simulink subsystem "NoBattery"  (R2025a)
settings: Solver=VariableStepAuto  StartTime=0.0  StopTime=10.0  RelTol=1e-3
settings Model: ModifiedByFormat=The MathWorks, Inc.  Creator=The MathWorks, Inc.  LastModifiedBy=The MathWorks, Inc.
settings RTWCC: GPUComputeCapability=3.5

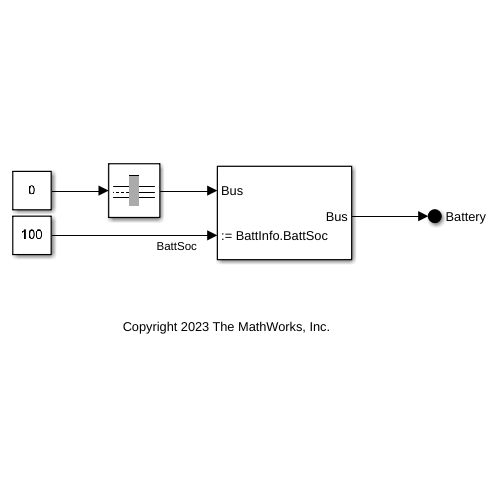
[thumbnail: Simulink's stored preview of the top-level diagram]
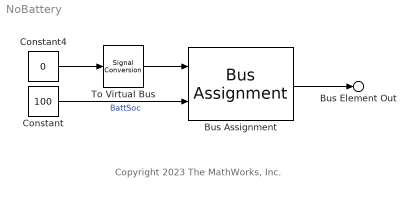
== system NoBattery ==
  note: Copyright 2023 The MathWorks, Inc.
  Bus Assignment : BusAssignment  AssignedSignals=BattInfo.BattSoc
  Constant : Constant  Value=100  SampleTime=-1
  Constant4 : Constant  Value=0  OutDataTypeStr=Bus: BatteryBUS  SampleTime=Inf
  To Virtual Bus : SignalConversion  ConversionOutput=Virtual bus  OverrideOpt=off
  Bus Element Out : Outport  PortName=Battery
  wires:
  To Virtual Bus/1 -> Bus Assignment/1
  Bus Assignment/1 -> Bus Element Out/1
  Constant4/1 -> To Virtual Bus/1
  Constant/1 -> Bus Assignment/2  "BattSoc"

Your instructions ::
Retype the records verbatim, but not their images.

Task answer ::
simulink subsystem "NoBattery"  (R2025a)
settings: Solver=VariableStepAuto  StartTime=0.0  StopTime=10.0  RelTol=1e-3
settings Model: ModifiedByFormat=The MathWorks, Inc.  Creator=The MathWorks, Inc.  LastModifiedBy=The MathWorks, Inc.
settings RTWCC: GPUComputeCapability=3.5

[thumbnail: Simulink's stored preview of the top-level diagram]
== system NoBattery ==
  note: Copyright 2023 The MathWorks, Inc.
  Bus Assignment : BusAssignment  AssignedSignals=BattInfo.BattSoc
  Constant : Constant  Value=100  SampleTime=-1
  Constant4 : Constant  Value=0  OutDataTypeStr=Bus: BatteryBUS  SampleTime=Inf
  To Virtual Bus : SignalConversion  ConversionOutput=Virtual bus  OverrideOpt=off
  Bus Element Out : Outport  PortName=Battery
  wires:
  To Virtual Bus/1 -> Bus Assignment/1
  Bus Assignment/1 -> Bus Element Out/1
  Constant4/1 -> To Virtual Bus/1
  Constant/1 -> Bus Assignment/2  "BattSoc"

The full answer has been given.